Records from a dataset:
---

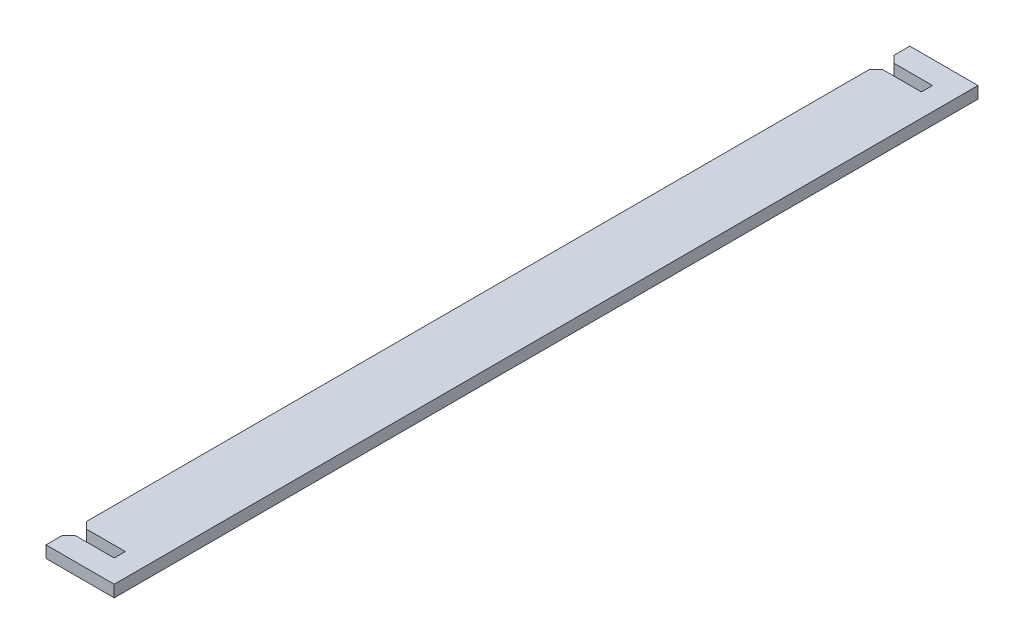
ISO-10303-21;
HEADER;
FILE_DESCRIPTION(('STEP AP214'),'2;1');
FILE_NAME('part.step','',(''),(''),'','','');
FILE_SCHEMA(('AUTOMOTIVE_DESIGN { 1 0 10303 214 1 1 1 1 }'));
ENDSEC;
DATA;
#1=APPLICATION_CONTEXT('core data for automotive mechanical design processes');
#2=APPLICATION_PROTOCOL_DEFINITION('international standard','automotive_design',2000,#1);
#3=PRODUCT_CONTEXT('',#1,'mechanical');
#4=PRODUCT('Part','Part','',(#3));
#5=PRODUCT_RELATED_PRODUCT_CATEGORY('part','',(#4));
#6=PRODUCT_DEFINITION_FORMATION('','',#4);
#7=PRODUCT_DEFINITION_CONTEXT('part definition',#1,'design');
#8=PRODUCT_DEFINITION('design','',#6,#7);
#9=PRODUCT_DEFINITION_SHAPE('','',#8);
#10=(LENGTH_UNIT() NAMED_UNIT(*) SI_UNIT(.MILLI.,.METRE.));
#11=(NAMED_UNIT(*) PLANE_ANGLE_UNIT() SI_UNIT($,.RADIAN.));
#12=(NAMED_UNIT(*) SI_UNIT($,.STERADIAN.) SOLID_ANGLE_UNIT());
#13=UNCERTAINTY_MEASURE_WITH_UNIT(LENGTH_MEASURE(1.E-05),#10,'distance_accuracy_value','');
#14=(GEOMETRIC_REPRESENTATION_CONTEXT(3) GLOBAL_UNCERTAINTY_ASSIGNED_CONTEXT((#13)) GLOBAL_UNIT_ASSIGNED_CONTEXT((#10,
#11,#12)) REPRESENTATION_CONTEXT('',''));
#15=CARTESIAN_POINT('',(0.,0.,0.));
#16=DIRECTION('',(0.,0.,1.));
#17=DIRECTION('',(1.,0.,0.));
#18=AXIS2_PLACEMENT_3D('',#15,#16,#17);
#19=CARTESIAN_POINT('',(0.,5.2,0.));
#20=DIRECTION('',(1.,0.,0.));
#21=DIRECTION('',(0.,0.,-1.));
#22=AXIS2_PLACEMENT_3D('',#19,#20,#21);
#23=PLANE('',#22);
#24=DIRECTION('',(0.,0.,1.));
#25=VECTOR('',#24,1.);
#26=CARTESIAN_POINT('',(0.,0.,0.));
#27=LINE('',#26,#25);
#28=CARTESIAN_POINT('',(0.,0.,-380.));
#29=VERTEX_POINT('',#28);
#30=CARTESIAN_POINT('',(0.,0.,-373.));
#31=VERTEX_POINT('',#30);
#32=EDGE_CURVE('E204',#29,#31,#27,.T.);
#33=ORIENTED_EDGE('',*,*,#32,.T.);
#34=DIRECTION('',(0.,1.,0.));
#35=VECTOR('',#34,1.);
#36=CARTESIAN_POINT('',(0.,5.2,-373.));
#37=LINE('',#36,#35);
#38=CARTESIAN_POINT('',(0.,5.2,-373.));
#39=VERTEX_POINT('',#38);
#40=EDGE_CURVE('E44',#31,#39,#37,.T.);
#41=ORIENTED_EDGE('',*,*,#40,.T.);
#42=DIRECTION('',(0.,0.,1.));
#43=VECTOR('',#42,1.);
#44=CARTESIAN_POINT('',(0.,5.2,0.));
#45=LINE('',#44,#43);
#46=CARTESIAN_POINT('',(0.,5.2,-380.));
#47=VERTEX_POINT('',#46);
#48=EDGE_CURVE('E192',#47,#39,#45,.T.);
#49=ORIENTED_EDGE('',*,*,#48,.F.);
#50=DIRECTION('',(0.,-1.,0.));
#51=VECTOR('',#50,1.);
#52=CARTESIAN_POINT('',(0.,5.2,-380.));
#53=LINE('',#52,#51);
#54=EDGE_CURVE('E203',#47,#29,#53,.T.);
#55=ORIENTED_EDGE('',*,*,#54,.T.);
#56=EDGE_LOOP('',(#33,#41,#49,#55));
#57=FACE_BOUND('',#56,.T.);
#58=ADVANCED_FACE('F35',(#57),#23,.F.);
#59=CARTESIAN_POINT('',(0.,0.,-362.1));
#60=VERTEX_POINT('',#59);
#61=CARTESIAN_POINT('',(0.,0.,-17.8999999999999));
#62=VERTEX_POINT('',#61);
#63=EDGE_CURVE('E208',#60,#62,#27,.T.);
#64=ORIENTED_EDGE('',*,*,#63,.T.);
#65=DIRECTION('',(0.,1.,0.));
#66=VECTOR('',#65,1.);
#67=CARTESIAN_POINT('',(0.,5.2,-17.8999999999999));
#68=LINE('',#67,#66);
#69=CARTESIAN_POINT('',(0.,5.2,-17.8999999999999));
#70=VERTEX_POINT('',#69);
#71=EDGE_CURVE('E259',#62,#70,#68,.T.);
#72=ORIENTED_EDGE('',*,*,#71,.T.);
#73=CARTESIAN_POINT('',(0.,5.2,-362.1));
#74=VERTEX_POINT('',#73);
#75=EDGE_CURVE('E196',#74,#70,#45,.T.);
#76=ORIENTED_EDGE('',*,*,#75,.F.);
#77=DIRECTION('',(0.,-1.,0.));
#78=VECTOR('',#77,1.);
#79=CARTESIAN_POINT('',(0.,5.2,-362.1));
#80=LINE('',#79,#78);
#81=EDGE_CURVE('E257',#74,#60,#80,.T.);
#82=ORIENTED_EDGE('',*,*,#81,.T.);
#83=EDGE_LOOP('',(#64,#72,#76,#82));
#84=FACE_BOUND('',#83,.T.);
#85=ADVANCED_FACE('F291',(#84),#23,.F.);
#86=CARTESIAN_POINT('',(0.,5.2,-7.00000000000011));
#87=VERTEX_POINT('',#86);
#88=CARTESIAN_POINT('',(0.,5.2,0.));
#89=VERTEX_POINT('',#88);
#90=EDGE_CURVE('E197',#87,#89,#45,.T.);
#91=ORIENTED_EDGE('',*,*,#90,.F.);
#92=DIRECTION('',(0.,-1.,0.));
#93=VECTOR('',#92,1.);
#94=CARTESIAN_POINT('',(0.,5.2,-7.00000000000011));
#95=LINE('',#94,#93);
#96=CARTESIAN_POINT('',(0.,0.,-7.00000000000011));
#97=VERTEX_POINT('',#96);
#98=EDGE_CURVE('E249',#87,#97,#95,.T.);
#99=ORIENTED_EDGE('',*,*,#98,.T.);
#100=CARTESIAN_POINT('',(0.,0.,0.));
#101=VERTEX_POINT('',#100);
#102=EDGE_CURVE('E178',#97,#101,#27,.T.);
#103=ORIENTED_EDGE('',*,*,#102,.T.);
#104=DIRECTION('',(0.,-1.,0.));
#105=VECTOR('',#104,1.);
#106=CARTESIAN_POINT('',(0.,5.2,0.));
#107=LINE('',#106,#105);
#108=EDGE_CURVE('E222',#89,#101,#107,.T.);
#109=ORIENTED_EDGE('',*,*,#108,.F.);
#110=EDGE_LOOP('',(#91,#99,#103,#109));
#111=FACE_BOUND('',#110,.T.);
#112=ADVANCED_FACE('F301',(#111),#23,.F.);
#113=CARTESIAN_POINT('',(0.,5.2,0.));
#114=DIRECTION('',(0.,0.,-1.));
#115=DIRECTION('',(-1.,0.,0.));
#116=AXIS2_PLACEMENT_3D('',#113,#114,#115);
#117=PLANE('',#116);
#118=DIRECTION('',(1.,0.,0.));
#119=VECTOR('',#118,1.);
#120=CARTESIAN_POINT('',(0.,0.,0.));
#121=LINE('',#120,#119);
#122=CARTESIAN_POINT('',(30.,0.,0.));
#123=VERTEX_POINT('',#122);
#124=EDGE_CURVE('E207',#101,#123,#121,.T.);
#125=ORIENTED_EDGE('',*,*,#124,.T.);
#126=DIRECTION('',(0.,-1.,0.));
#127=VECTOR('',#126,1.);
#128=CARTESIAN_POINT('',(30.,5.2,0.));
#129=LINE('',#128,#127);
#130=CARTESIAN_POINT('',(30.,5.2,0.));
#131=VERTEX_POINT('',#130);
#132=EDGE_CURVE('E219',#131,#123,#129,.T.);
#133=ORIENTED_EDGE('',*,*,#132,.F.);
#134=DIRECTION('',(1.,0.,0.));
#135=VECTOR('',#134,1.);
#136=CARTESIAN_POINT('',(0.,5.2,0.));
#137=LINE('',#136,#135);
#138=EDGE_CURVE('E195',#89,#131,#137,.T.);
#139=ORIENTED_EDGE('',*,*,#138,.F.);
#140=ORIENTED_EDGE('',*,*,#108,.T.);
#141=EDGE_LOOP('',(#125,#133,#139,#140));
#142=FACE_BOUND('',#141,.T.);
#143=ADVANCED_FACE('F300',(#142),#117,.F.);
#144=CARTESIAN_POINT('',(30.,5.2,0.));
#145=DIRECTION('',(-1.,0.,0.));
#146=DIRECTION('',(0.,0.,1.));
#147=AXIS2_PLACEMENT_3D('',#144,#145,#146);
#148=PLANE('',#147);
#149=DIRECTION('',(0.,0.,-1.));
#150=VECTOR('',#149,1.);
#151=CARTESIAN_POINT('',(30.,0.,0.));
#152=LINE('',#151,#150);
#153=CARTESIAN_POINT('',(29.9999999999999,0.,-380.));
#154=VERTEX_POINT('',#153);
#155=EDGE_CURVE('E210',#123,#154,#152,.T.);
#156=ORIENTED_EDGE('',*,*,#155,.T.);
#157=DIRECTION('',(0.,-1.,0.));
#158=VECTOR('',#157,1.);
#159=CARTESIAN_POINT('',(29.9999999999999,5.2,-380.));
#160=LINE('',#159,#158);
#161=CARTESIAN_POINT('',(29.9999999999999,5.2,-380.));
#162=VERTEX_POINT('',#161);
#163=EDGE_CURVE('E216',#162,#154,#160,.T.);
#164=ORIENTED_EDGE('',*,*,#163,.F.);
#165=DIRECTION('',(0.,0.,-1.));
#166=VECTOR('',#165,1.);
#167=CARTESIAN_POINT('',(30.,5.2,0.));
#168=LINE('',#167,#166);
#169=EDGE_CURVE('E199',#131,#162,#168,.T.);
#170=ORIENTED_EDGE('',*,*,#169,.F.);
#171=ORIENTED_EDGE('',*,*,#132,.T.);
#172=EDGE_LOOP('',(#156,#164,#170,#171));
#173=FACE_BOUND('',#172,.T.);
#174=ADVANCED_FACE('F305',(#173),#148,.F.);
#175=CARTESIAN_POINT('',(0.,5.2,-380.));
#176=DIRECTION('',(0.,0.,1.));
#177=DIRECTION('',(1.,0.,0.));
#178=AXIS2_PLACEMENT_3D('',#175,#176,#177);
#179=PLANE('',#178);
#180=DIRECTION('',(-1.,0.,0.));
#181=VECTOR('',#180,1.);
#182=CARTESIAN_POINT('',(0.,0.,-380.));
#183=LINE('',#182,#181);
#184=EDGE_CURVE('E212',#154,#29,#183,.T.);
#185=ORIENTED_EDGE('',*,*,#184,.T.);
#186=ORIENTED_EDGE('',*,*,#54,.F.);
#187=DIRECTION('',(-1.,0.,0.));
#188=VECTOR('',#187,1.);
#189=CARTESIAN_POINT('',(0.,5.2,-380.));
#190=LINE('',#189,#188);
#191=EDGE_CURVE('E201',#162,#47,#190,.T.);
#192=ORIENTED_EDGE('',*,*,#191,.F.);
#193=ORIENTED_EDGE('',*,*,#163,.T.);
#194=EDGE_LOOP('',(#185,#186,#192,#193));
#195=FACE_BOUND('',#194,.T.);
#196=ADVANCED_FACE('F276',(#195),#179,.F.);
#197=CARTESIAN_POINT('',(0.,5.2,0.));
#198=DIRECTION('',(0.,-1.,0.));
#199=DIRECTION('',(0.,0.,-1.));
#200=AXIS2_PLACEMENT_3D('',#197,#198,#199);
#201=PLANE('',#200);
#202=DIRECTION('',(1.,0.,0.));
#203=VECTOR('',#202,1.);
#204=CARTESIAN_POINT('',(0.,5.2,-10.));
#205=LINE('',#204,#203);
#206=CARTESIAN_POINT('',(2.99999999999989,5.2,-10.));
#207=VERTEX_POINT('',#206);
#208=CARTESIAN_POINT('',(20.,5.2,-10.));
#209=VERTEX_POINT('',#208);
#210=EDGE_CURVE('E180',#207,#209,#205,.T.);
#211=ORIENTED_EDGE('',*,*,#210,.F.);
#212=DIRECTION('',(0.707106781186548,0.,-0.707106781186548));
#213=VECTOR('',#212,1.);
#214=CARTESIAN_POINT('',(2.99999999999989,5.2,-10.));
#215=LINE('',#214,#213);
#216=EDGE_CURVE('E247',#207,#87,#215,.F.);
#217=ORIENTED_EDGE('',*,*,#216,.T.);
#218=ORIENTED_EDGE('',*,*,#90,.T.);
#219=ORIENTED_EDGE('',*,*,#138,.T.);
#220=ORIENTED_EDGE('',*,*,#169,.T.);
#221=ORIENTED_EDGE('',*,*,#191,.T.);
#222=ORIENTED_EDGE('',*,*,#48,.T.);
#223=DIRECTION('',(-0.707106781186541,0.,-0.707106781186554));
#224=VECTOR('',#223,1.);
#225=CARTESIAN_POINT('',(0.,5.2,-373.));
#226=LINE('',#225,#224);
#227=CARTESIAN_POINT('',(2.99999999999994,5.2,-370.));
#228=VERTEX_POINT('',#227);
#229=EDGE_CURVE('E241',#39,#228,#226,.F.);
#230=ORIENTED_EDGE('',*,*,#229,.T.);
#231=DIRECTION('',(-1.,0.,0.));
#232=VECTOR('',#231,1.);
#233=CARTESIAN_POINT('',(0.,5.2,-370.));
#234=LINE('',#233,#232);
#235=CARTESIAN_POINT('',(19.9999999999999,5.2,-370.));
#236=VERTEX_POINT('',#235);
#237=EDGE_CURVE('E170',#236,#228,#234,.T.);
#238=ORIENTED_EDGE('',*,*,#237,.F.);
#239=DIRECTION('',(0.,0.,-1.));
#240=VECTOR('',#239,1.);
#241=CARTESIAN_POINT('',(19.9999999999999,5.2,-370.));
#242=LINE('',#241,#240);
#243=CARTESIAN_POINT('',(19.9999999999999,5.2,-365.1));
#244=VERTEX_POINT('',#243);
#245=EDGE_CURVE('E159',#244,#236,#242,.T.);
#246=ORIENTED_EDGE('',*,*,#245,.F.);
#247=DIRECTION('',(1.,0.,0.));
#248=VECTOR('',#247,1.);
#249=CARTESIAN_POINT('',(0.,5.2,-365.1));
#250=LINE('',#249,#248);
#251=CARTESIAN_POINT('',(2.99999999999989,5.2,-365.1));
#252=VERTEX_POINT('',#251);
#253=EDGE_CURVE('E150',#252,#244,#250,.T.);
#254=ORIENTED_EDGE('',*,*,#253,.F.);
#255=DIRECTION('',(0.707106781186548,0.,-0.707106781186548));
#256=VECTOR('',#255,1.);
#257=CARTESIAN_POINT('',(2.99999999999989,5.2,-365.1));
#258=LINE('',#257,#256);
#259=EDGE_CURVE('E243',#252,#74,#258,.F.);
#260=ORIENTED_EDGE('',*,*,#259,.T.);
#261=ORIENTED_EDGE('',*,*,#75,.T.);
#262=DIRECTION('',(-0.707106781186547,0.,-0.707106781186548));
#263=VECTOR('',#262,1.);
#264=CARTESIAN_POINT('',(0.,5.2,-17.8999999999999));
#265=LINE('',#264,#263);
#266=CARTESIAN_POINT('',(2.99999999999989,5.2,-14.9));
#267=VERTEX_POINT('',#266);
#268=EDGE_CURVE('E245',#70,#267,#265,.F.);
#269=ORIENTED_EDGE('',*,*,#268,.T.);
#270=DIRECTION('',(-1.,0.,0.));
#271=VECTOR('',#270,1.);
#272=CARTESIAN_POINT('',(0.,5.2,-14.9));
#273=LINE('',#272,#271);
#274=CARTESIAN_POINT('',(20.,5.2,-14.9));
#275=VERTEX_POINT('',#274);
#276=EDGE_CURVE('E185',#275,#267,#273,.T.);
#277=ORIENTED_EDGE('',*,*,#276,.F.);
#278=DIRECTION('',(0.,0.,-1.));
#279=VECTOR('',#278,1.);
#280=CARTESIAN_POINT('',(20.,5.2,-14.9));
#281=LINE('',#280,#279);
#282=EDGE_CURVE('E182',#209,#275,#281,.T.);
#283=ORIENTED_EDGE('',*,*,#282,.F.);
#284=EDGE_LOOP('',(#211,#217,#218,#219,#220,#221,#222,#230,#238,#246,#254,#260,#261,#269,#277,#283));
#285=FACE_BOUND('',#284,.T.);
#286=ADVANCED_FACE('F173',(#285),#201,.F.);
#287=CARTESIAN_POINT('',(0.,0.,0.));
#288=DIRECTION('',(0.,-1.,0.));
#289=DIRECTION('',(0.,0.,-1.));
#290=AXIS2_PLACEMENT_3D('',#287,#288,#289);
#291=PLANE('',#290);
#292=ORIENTED_EDGE('',*,*,#102,.F.);
#293=DIRECTION('',(-0.707106781186548,0.,0.707106781186548));
#294=VECTOR('',#293,1.);
#295=CARTESIAN_POINT('',(-3.50000000000006,0.,-3.50000000000006));
#296=LINE('',#295,#294);
#297=CARTESIAN_POINT('',(2.99999999999989,0.,-10.));
#298=VERTEX_POINT('',#297);
#299=EDGE_CURVE('E255',#97,#298,#296,.F.);
#300=ORIENTED_EDGE('',*,*,#299,.T.);
#301=DIRECTION('',(-1.,0.,0.));
#302=VECTOR('',#301,1.);
#303=CARTESIAN_POINT('',(0.,0.,-10.));
#304=LINE('',#303,#302);
#305=CARTESIAN_POINT('',(20.,0.,-10.));
#306=VERTEX_POINT('',#305);
#307=EDGE_CURVE('E225',#306,#298,#304,.T.);
#308=ORIENTED_EDGE('',*,*,#307,.F.);
#309=DIRECTION('',(0.,0.,1.));
#310=VECTOR('',#309,1.);
#311=CARTESIAN_POINT('',(20.,0.,0.));
#312=LINE('',#311,#310);
#313=CARTESIAN_POINT('',(20.,0.,-14.9));
#314=VERTEX_POINT('',#313);
#315=EDGE_CURVE('E228',#314,#306,#312,.T.);
#316=ORIENTED_EDGE('',*,*,#315,.F.);
#317=DIRECTION('',(1.,0.,0.));
#318=VECTOR('',#317,1.);
#319=CARTESIAN_POINT('',(0.,0.,-14.9));
#320=LINE('',#319,#318);
#321=CARTESIAN_POINT('',(2.99999999999989,0.,-14.9));
#322=VERTEX_POINT('',#321);
#323=EDGE_CURVE('E231',#322,#314,#320,.T.);
#324=ORIENTED_EDGE('',*,*,#323,.F.);
#325=DIRECTION('',(0.707106781186547,0.,0.707106781186548));
#326=VECTOR('',#325,1.);
#327=CARTESIAN_POINT('',(8.94999999999996,0.,-8.94999999999995));
#328=LINE('',#327,#326);
#329=EDGE_CURVE('E57',#322,#62,#328,.F.);
#330=ORIENTED_EDGE('',*,*,#329,.T.);
#331=ORIENTED_EDGE('',*,*,#63,.F.);
#332=DIRECTION('',(-0.707106781186548,0.,0.707106781186548));
#333=VECTOR('',#332,1.);
#334=CARTESIAN_POINT('',(-181.05,0.,-181.05));
#335=LINE('',#334,#333);
#336=CARTESIAN_POINT('',(2.99999999999989,0.,-365.1));
#337=VERTEX_POINT('',#336);
#338=EDGE_CURVE('E51',#60,#337,#335,.F.);
#339=ORIENTED_EDGE('',*,*,#338,.T.);
#340=DIRECTION('',(-1.,0.,0.));
#341=VECTOR('',#340,1.);
#342=CARTESIAN_POINT('',(0.,0.,-365.1));
#343=LINE('',#342,#341);
#344=CARTESIAN_POINT('',(19.9999999999999,0.,-365.1));
#345=VERTEX_POINT('',#344);
#346=EDGE_CURVE('E233',#345,#337,#343,.T.);
#347=ORIENTED_EDGE('',*,*,#346,.F.);
#348=DIRECTION('',(0.,0.,1.));
#349=VECTOR('',#348,1.);
#350=CARTESIAN_POINT('',(20.0000000000002,0.,0.));
#351=LINE('',#350,#349);
#352=CARTESIAN_POINT('',(19.9999999999999,0.,-370.));
#353=VERTEX_POINT('',#352);
#354=EDGE_CURVE('E168',#353,#345,#351,.T.);
#355=ORIENTED_EDGE('',*,*,#354,.F.);
#356=DIRECTION('',(1.,0.,0.));
#357=VECTOR('',#356,1.);
#358=CARTESIAN_POINT('',(0.,0.,-370.));
#359=LINE('',#358,#357);
#360=CARTESIAN_POINT('',(2.99999999999994,0.,-370.));
#361=VERTEX_POINT('',#360);
#362=EDGE_CURVE('E236',#361,#353,#359,.T.);
#363=ORIENTED_EDGE('',*,*,#362,.F.);
#364=DIRECTION('',(0.707106781186541,0.,0.707106781186554));
#365=VECTOR('',#364,1.);
#366=CARTESIAN_POINT('',(186.5,0.,-186.499999999997));
#367=LINE('',#366,#365);
#368=EDGE_CURVE('E251',#361,#31,#367,.F.);
#369=ORIENTED_EDGE('',*,*,#368,.T.);
#370=ORIENTED_EDGE('',*,*,#32,.F.);
#371=ORIENTED_EDGE('',*,*,#184,.F.);
#372=ORIENTED_EDGE('',*,*,#155,.F.);
#373=ORIENTED_EDGE('',*,*,#124,.F.);
#374=EDGE_LOOP('',(#292,#300,#308,#316,#324,#330,#331,#339,#347,#355,#363,#369,#370,#371,#372,#373));
#375=FACE_BOUND('',#374,.T.);
#376=ADVANCED_FACE('F279',(#375),#291,.T.);
#377=CARTESIAN_POINT('',(0.,-4.8,-14.9));
#378=DIRECTION('',(0.,0.,-1.));
#379=DIRECTION('',(-1.,0.,0.));
#380=AXIS2_PLACEMENT_3D('',#377,#378,#379);
#381=PLANE('',#380);
#382=ORIENTED_EDGE('',*,*,#276,.T.);
#383=DIRECTION('',(0.,-1.,0.));
#384=VECTOR('',#383,1.);
#385=CARTESIAN_POINT('',(2.99999999999989,-4.8,-14.9));
#386=LINE('',#385,#384);
#387=EDGE_CURVE('E262',#267,#322,#386,.T.);
#388=ORIENTED_EDGE('',*,*,#387,.T.);
#389=ORIENTED_EDGE('',*,*,#323,.T.);
#390=DIRECTION('',(0.,1.,0.));
#391=VECTOR('',#390,1.);
#392=CARTESIAN_POINT('',(20.,-4.8,-14.9));
#393=LINE('',#392,#391);
#394=EDGE_CURVE('E160',#314,#275,#393,.T.);
#395=ORIENTED_EDGE('',*,*,#394,.T.);
#396=EDGE_LOOP('',(#382,#388,#389,#395));
#397=FACE_BOUND('',#396,.T.);
#398=ADVANCED_FACE('F353',(#397),#381,.F.);
#399=CARTESIAN_POINT('',(20.,-4.8,-14.9));
#400=DIRECTION('',(1.,0.,0.));
#401=DIRECTION('',(0.,0.,-1.));
#402=AXIS2_PLACEMENT_3D('',#399,#400,#401);
#403=PLANE('',#402);
#404=ORIENTED_EDGE('',*,*,#315,.T.);
#405=DIRECTION('',(0.,1.,0.));
#406=VECTOR('',#405,1.);
#407=CARTESIAN_POINT('',(20.,-4.8,-10.));
#408=LINE('',#407,#406);
#409=EDGE_CURVE('E188',#306,#209,#408,.T.);
#410=ORIENTED_EDGE('',*,*,#409,.T.);
#411=ORIENTED_EDGE('',*,*,#282,.T.);
#412=ORIENTED_EDGE('',*,*,#394,.F.);
#413=EDGE_LOOP('',(#404,#410,#411,#412));
#414=FACE_BOUND('',#413,.T.);
#415=ADVANCED_FACE('F347',(#414),#403,.F.);
#416=CARTESIAN_POINT('',(0.,-4.8,-10.));
#417=DIRECTION('',(0.,0.,1.));
#418=DIRECTION('',(1.,0.,0.));
#419=AXIS2_PLACEMENT_3D('',#416,#417,#418);
#420=PLANE('',#419);
#421=ORIENTED_EDGE('',*,*,#307,.T.);
#422=DIRECTION('',(0.,1.,0.));
#423=VECTOR('',#422,1.);
#424=CARTESIAN_POINT('',(2.99999999999989,-4.8,-10.));
#425=LINE('',#424,#423);
#426=EDGE_CURVE('E238',#298,#207,#425,.T.);
#427=ORIENTED_EDGE('',*,*,#426,.T.);
#428=ORIENTED_EDGE('',*,*,#210,.T.);
#429=ORIENTED_EDGE('',*,*,#409,.F.);
#430=EDGE_LOOP('',(#421,#427,#428,#429));
#431=FACE_BOUND('',#430,.T.);
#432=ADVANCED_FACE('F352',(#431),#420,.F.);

---

Directions:
Of the lines above, extract only those from the line with "#121=LINE('',#120,#119);" to the line with "#135=VECTOR('',#134,1.);", both included, exactly as written.

Answer space:
#121=LINE('',#120,#119);
#122=CARTESIAN_POINT('',(30.,0.,0.));
#123=VERTEX_POINT('',#122);
#124=EDGE_CURVE('E207',#101,#123,#121,.T.);
#125=ORIENTED_EDGE('',*,*,#124,.T.);
#126=DIRECTION('',(0.,-1.,0.));
#127=VECTOR('',#126,1.);
#128=CARTESIAN_POINT('',(30.,5.2,0.));
#129=LINE('',#128,#127);
#130=CARTESIAN_POINT('',(30.,5.2,0.));
#131=VERTEX_POINT('',#130);
#132=EDGE_CURVE('E219',#131,#123,#129,.T.);
#133=ORIENTED_EDGE('',*,*,#132,.F.);
#134=DIRECTION('',(1.,0.,0.));
#135=VECTOR('',#134,1.);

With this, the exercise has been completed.